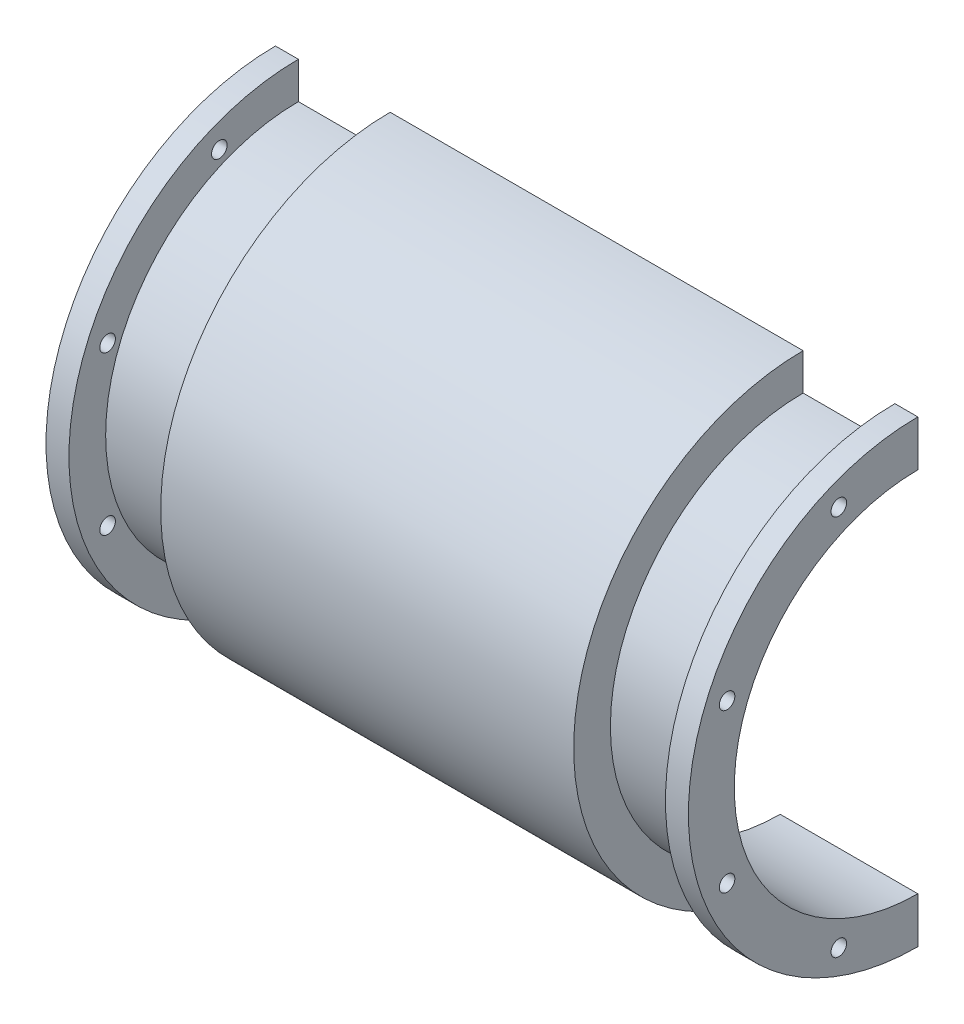
ISO-10303-21;
HEADER;
FILE_DESCRIPTION(('STEP AP214'),'2;1');
FILE_NAME('part.step','',(''),(''),'','','');
FILE_SCHEMA(('AUTOMOTIVE_DESIGN { 1 0 10303 214 1 1 1 1 }'));
ENDSEC;
DATA;
#1=APPLICATION_CONTEXT('core data for automotive mechanical design processes');
#2=APPLICATION_PROTOCOL_DEFINITION('international standard','automotive_design',2000,#1);
#3=PRODUCT_CONTEXT('',#1,'mechanical');
#4=PRODUCT('Part','Part','',(#3));
#5=PRODUCT_RELATED_PRODUCT_CATEGORY('part','',(#4));
#6=PRODUCT_DEFINITION_FORMATION('','',#4);
#7=PRODUCT_DEFINITION_CONTEXT('part definition',#1,'design');
#8=PRODUCT_DEFINITION('design','',#6,#7);
#9=PRODUCT_DEFINITION_SHAPE('','',#8);
#10=(LENGTH_UNIT() NAMED_UNIT(*) SI_UNIT(.MILLI.,.METRE.));
#11=(NAMED_UNIT(*) PLANE_ANGLE_UNIT() SI_UNIT($,.RADIAN.));
#12=(NAMED_UNIT(*) SI_UNIT($,.STERADIAN.) SOLID_ANGLE_UNIT());
#13=UNCERTAINTY_MEASURE_WITH_UNIT(LENGTH_MEASURE(1.E-05),#10,'distance_accuracy_value','');
#14=(GEOMETRIC_REPRESENTATION_CONTEXT(3) GLOBAL_UNCERTAINTY_ASSIGNED_CONTEXT((#13)) GLOBAL_UNIT_ASSIGNED_CONTEXT((#10,
#11,#12)) REPRESENTATION_CONTEXT('',''));
#15=CARTESIAN_POINT('',(0.,0.,0.));
#16=DIRECTION('',(0.,0.,1.));
#17=DIRECTION('',(1.,0.,0.));
#18=AXIS2_PLACEMENT_3D('',#15,#16,#17);
#19=CARTESIAN_POINT('',(70.,-40.,-2.79318507107451E-13));
#20=DIRECTION('',(-1.,0.,0.));
#21=DIRECTION('',(0.,-1.,0.));
#22=AXIS2_PLACEMENT_3D('',#19,#20,#21);
#23=PLANE('',#22);
#24=CARTESIAN_POINT('',(70.,17.2207544564289,41.5745789630079));
#25=DIRECTION('',(1.,0.,0.));
#26=DIRECTION('',(0.,0.,-1.));
#27=AXIS2_PLACEMENT_3D('',#24,#25,#26);
#28=CIRCLE('',#27,1.69999999999999);
#29=CARTESIAN_POINT('',(70.,17.2207544564289,39.874578963008));
#30=VERTEX_POINT('',#29);
#31=EDGE_CURVE('E527',#30,#30,#28,.T.);
#32=ORIENTED_EDGE('',*,*,#31,.F.);
#33=EDGE_LOOP('',(#32));
#34=FACE_BOUND('',#33,.T.);
#35=CARTESIAN_POINT('',(70.,-17.2207544564292,41.5745789630078));
#36=DIRECTION('',(1.,0.,0.));
#37=DIRECTION('',(0.,0.,-1.));
#38=AXIS2_PLACEMENT_3D('',#35,#36,#37);
#39=CIRCLE('',#38,1.69999999999999);
#40=CARTESIAN_POINT('',(70.,-17.2207544564292,39.8745789630078));
#41=VERTEX_POINT('',#40);
#42=EDGE_CURVE('E533',#41,#41,#39,.T.);
#43=ORIENTED_EDGE('',*,*,#42,.F.);
#44=EDGE_LOOP('',(#43));
#45=FACE_BOUND('',#44,.T.);
#46=CARTESIAN_POINT('',(70.,0.,0.));
#47=DIRECTION('',(-1.,0.,0.));
#48=DIRECTION('',(0.,-1.,0.));
#49=AXIS2_PLACEMENT_3D('',#46,#47,#48);
#50=CIRCLE('',#49,50.);
#51=CARTESIAN_POINT('',(70.,-50.,-3.49148133884313E-13));
#52=VERTEX_POINT('',#51);
#53=CARTESIAN_POINT('',(70.,50.,0.));
#54=VERTEX_POINT('',#53);
#55=EDGE_CURVE('E267',#52,#54,#50,.T.);
#56=ORIENTED_EDGE('',*,*,#55,.F.);
#57=DIRECTION('',(0.,-1.,0.));
#58=VECTOR('',#57,1.);
#59=CARTESIAN_POINT('',(70.,-40.,-2.79318507107451E-13));
#60=LINE('',#59,#58);
#61=CARTESIAN_POINT('',(70.,-40.,-2.79318507107451E-13));
#62=VERTEX_POINT('',#61);
#63=EDGE_CURVE('E220',#62,#52,#60,.T.);
#64=ORIENTED_EDGE('',*,*,#63,.F.);
#65=CARTESIAN_POINT('',(70.,0.,0.));
#66=DIRECTION('',(-1.,0.,0.));
#67=DIRECTION('',(0.,-1.,0.));
#68=AXIS2_PLACEMENT_3D('',#65,#66,#67);
#69=CIRCLE('',#68,40.);
#70=CARTESIAN_POINT('',(70.,40.,0.));
#71=VERTEX_POINT('',#70);
#72=EDGE_CURVE('E269',#62,#71,#69,.T.);
#73=ORIENTED_EDGE('',*,*,#72,.T.);
#74=DIRECTION('',(0.,1.,0.));
#75=VECTOR('',#74,1.);
#76=CARTESIAN_POINT('',(70.,40.,0.));
#77=LINE('',#76,#75);
#78=EDGE_CURVE('E182',#71,#54,#77,.T.);
#79=ORIENTED_EDGE('',*,*,#78,.T.);
#80=EDGE_LOOP('',(#56,#64,#73,#79));
#81=FACE_BOUND('',#80,.T.);
#82=CARTESIAN_POINT('',(70.,-41.574578963008,17.2207544564288));
#83=DIRECTION('',(1.,0.,0.));
#84=DIRECTION('',(0.,0.,-1.));
#85=AXIS2_PLACEMENT_3D('',#82,#83,#84);
#86=CIRCLE('',#85,1.69999999999999);
#87=CARTESIAN_POINT('',(70.,-41.574578963008,15.5207544564288));
#88=VERTEX_POINT('',#87);
#89=EDGE_CURVE('E521',#88,#88,#86,.T.);
#90=ORIENTED_EDGE('',*,*,#89,.F.);
#91=EDGE_LOOP('',(#90));
#92=FACE_BOUND('',#91,.T.);
#93=CARTESIAN_POINT('',(70.,41.5745789630079,17.2207544564291));
#94=DIRECTION('',(1.,0.,0.));
#95=DIRECTION('',(0.,0.,-1.));
#96=AXIS2_PLACEMENT_3D('',#93,#94,#95);
#97=CIRCLE('',#96,1.69999999999999);
#98=CARTESIAN_POINT('',(70.,41.5745789630079,15.5207544564291));
#99=VERTEX_POINT('',#98);
#100=EDGE_CURVE('E524',#99,#99,#97,.T.);
#101=ORIENTED_EDGE('',*,*,#100,.F.);
#102=EDGE_LOOP('',(#101));
#103=FACE_BOUND('',#102,.T.);
#104=ADVANCED_FACE('F39',(#34,#45,#81,#92,#103),#23,.F.);
#105=CARTESIAN_POINT('',(-70.,-50.,-3.49148133884313E-13));
#106=DIRECTION('',(1.,0.,0.));
#107=DIRECTION('',(0.,1.,0.));
#108=AXIS2_PLACEMENT_3D('',#105,#106,#107);
#109=PLANE('',#108);
#110=CARTESIAN_POINT('',(-70.,41.5745789630079,17.2207544564291));
#111=DIRECTION('',(-1.,0.,0.));
#112=DIRECTION('',(0.,0.,1.));
#113=AXIS2_PLACEMENT_3D('',#110,#111,#112);
#114=CIRCLE('',#113,1.69999999999999);
#115=CARTESIAN_POINT('',(-70.,41.5745789630079,18.9207544564291));
#116=VERTEX_POINT('',#115);
#117=EDGE_CURVE('E539',#116,#116,#114,.T.);
#118=ORIENTED_EDGE('',*,*,#117,.F.);
#119=EDGE_LOOP('',(#118));
#120=FACE_BOUND('',#119,.T.);
#121=CARTESIAN_POINT('',(-70.,17.2207544564289,41.5745789630079));
#122=DIRECTION('',(-1.,0.,0.));
#123=DIRECTION('',(0.,0.,1.));
#124=AXIS2_PLACEMENT_3D('',#121,#122,#123);
#125=CIRCLE('',#124,1.69999999999999);
#126=CARTESIAN_POINT('',(-70.,17.2207544564289,43.2745789630079));
#127=VERTEX_POINT('',#126);
#128=EDGE_CURVE('E545',#127,#127,#125,.T.);
#129=ORIENTED_EDGE('',*,*,#128,.F.);
#130=EDGE_LOOP('',(#129));
#131=FACE_BOUND('',#130,.T.);
#132=CARTESIAN_POINT('',(-70.,-17.2207544564292,41.5745789630078));
#133=DIRECTION('',(-1.,0.,0.));
#134=DIRECTION('',(0.,0.,1.));
#135=AXIS2_PLACEMENT_3D('',#132,#133,#134);
#136=CIRCLE('',#135,1.69999999999999);
#137=CARTESIAN_POINT('',(-70.,-17.2207544564292,43.2745789630078));
#138=VERTEX_POINT('',#137);
#139=EDGE_CURVE('E551',#138,#138,#136,.T.);
#140=ORIENTED_EDGE('',*,*,#139,.F.);
#141=EDGE_LOOP('',(#140));
#142=FACE_BOUND('',#141,.T.);
#143=CARTESIAN_POINT('',(-70.,-41.574578963008,17.2207544564288));
#144=DIRECTION('',(-1.,0.,0.));
#145=DIRECTION('',(0.,0.,1.));
#146=AXIS2_PLACEMENT_3D('',#143,#144,#145);
#147=CIRCLE('',#146,1.69999999999999);
#148=CARTESIAN_POINT('',(-70.,-41.574578963008,18.9207544564288));
#149=VERTEX_POINT('',#148);
#150=EDGE_CURVE('E557',#149,#149,#147,.T.);
#151=ORIENTED_EDGE('',*,*,#150,.F.);
#152=EDGE_LOOP('',(#151));
#153=FACE_BOUND('',#152,.T.);
#154=CARTESIAN_POINT('',(-70.,0.,0.));
#155=DIRECTION('',(-1.,0.,0.));
#156=DIRECTION('',(0.,-1.,0.));
#157=AXIS2_PLACEMENT_3D('',#154,#155,#156);
#158=CIRCLE('',#157,40.);
#159=CARTESIAN_POINT('',(-70.,-40.,-2.79318507107451E-13));
#160=VERTEX_POINT('',#159);
#161=CARTESIAN_POINT('',(-70.,40.,0.));
#162=VERTEX_POINT('',#161);
#163=EDGE_CURVE('E152',#160,#162,#158,.T.);
#164=ORIENTED_EDGE('',*,*,#163,.F.);
#165=DIRECTION('',(0.,1.,0.));
#166=VECTOR('',#165,1.);
#167=CARTESIAN_POINT('',(-70.,-50.,-3.49148133884313E-13));
#168=LINE('',#167,#166);
#169=CARTESIAN_POINT('',(-70.,-50.,-3.49148133884313E-13));
#170=VERTEX_POINT('',#169);
#171=EDGE_CURVE('E211',#170,#160,#168,.T.);
#172=ORIENTED_EDGE('',*,*,#171,.F.);
#173=CARTESIAN_POINT('',(-70.,0.,0.));
#174=DIRECTION('',(-1.,0.,0.));
#175=DIRECTION('',(0.,-1.,0.));
#176=AXIS2_PLACEMENT_3D('',#173,#174,#175);
#177=CIRCLE('',#176,50.);
#178=CARTESIAN_POINT('',(-70.,50.,0.));
#179=VERTEX_POINT('',#178);
#180=EDGE_CURVE('E168',#170,#179,#177,.T.);
#181=ORIENTED_EDGE('',*,*,#180,.T.);
#182=DIRECTION('',(0.,-1.,0.));
#183=VECTOR('',#182,1.);
#184=CARTESIAN_POINT('',(-70.,50.,0.));
#185=LINE('',#184,#183);
#186=EDGE_CURVE('E166',#179,#162,#185,.T.);
#187=ORIENTED_EDGE('',*,*,#186,.T.);
#188=EDGE_LOOP('',(#164,#172,#181,#187));
#189=FACE_BOUND('',#188,.T.);
#190=ADVANCED_FACE('F167',(#120,#131,#142,#153,#189),#109,.F.);
#191=CARTESIAN_POINT('',(-50.,0.,0.));
#192=DIRECTION('',(-1.,0.,0.));
#193=DIRECTION('',(0.,-1.,0.));
#194=AXIS2_PLACEMENT_3D('',#191,#192,#193);
#195=CYLINDRICAL_SURFACE('',#194,40.);
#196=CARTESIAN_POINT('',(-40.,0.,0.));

□ □ □

_Exercise details:_
From the data above, output exactly the lines between the one containing "#97=CIRCLE('',#96,1.69999999999999);" and the one containing "#114=CIRCLE('',#113,1.69999999999999);", counting both of them.

_Expected output:_
#97=CIRCLE('',#96,1.69999999999999);
#98=CARTESIAN_POINT('',(70.,41.5745789630079,15.5207544564291));
#99=VERTEX_POINT('',#98);
#100=EDGE_CURVE('E524',#99,#99,#97,.T.);
#101=ORIENTED_EDGE('',*,*,#100,.F.);
#102=EDGE_LOOP('',(#101));
#103=FACE_BOUND('',#102,.T.);
#104=ADVANCED_FACE('F39',(#34,#45,#81,#92,#103),#23,.F.);
#105=CARTESIAN_POINT('',(-70.,-50.,-3.49148133884313E-13));
#106=DIRECTION('',(1.,0.,0.));
#107=DIRECTION('',(0.,1.,0.));
#108=AXIS2_PLACEMENT_3D('',#105,#106,#107);
#109=PLANE('',#108);
#110=CARTESIAN_POINT('',(-70.,41.5745789630079,17.2207544564291));
#111=DIRECTION('',(-1.,0.,0.));
#112=DIRECTION('',(0.,0.,1.));
#113=AXIS2_PLACEMENT_3D('',#110,#111,#112);
#114=CIRCLE('',#113,1.69999999999999);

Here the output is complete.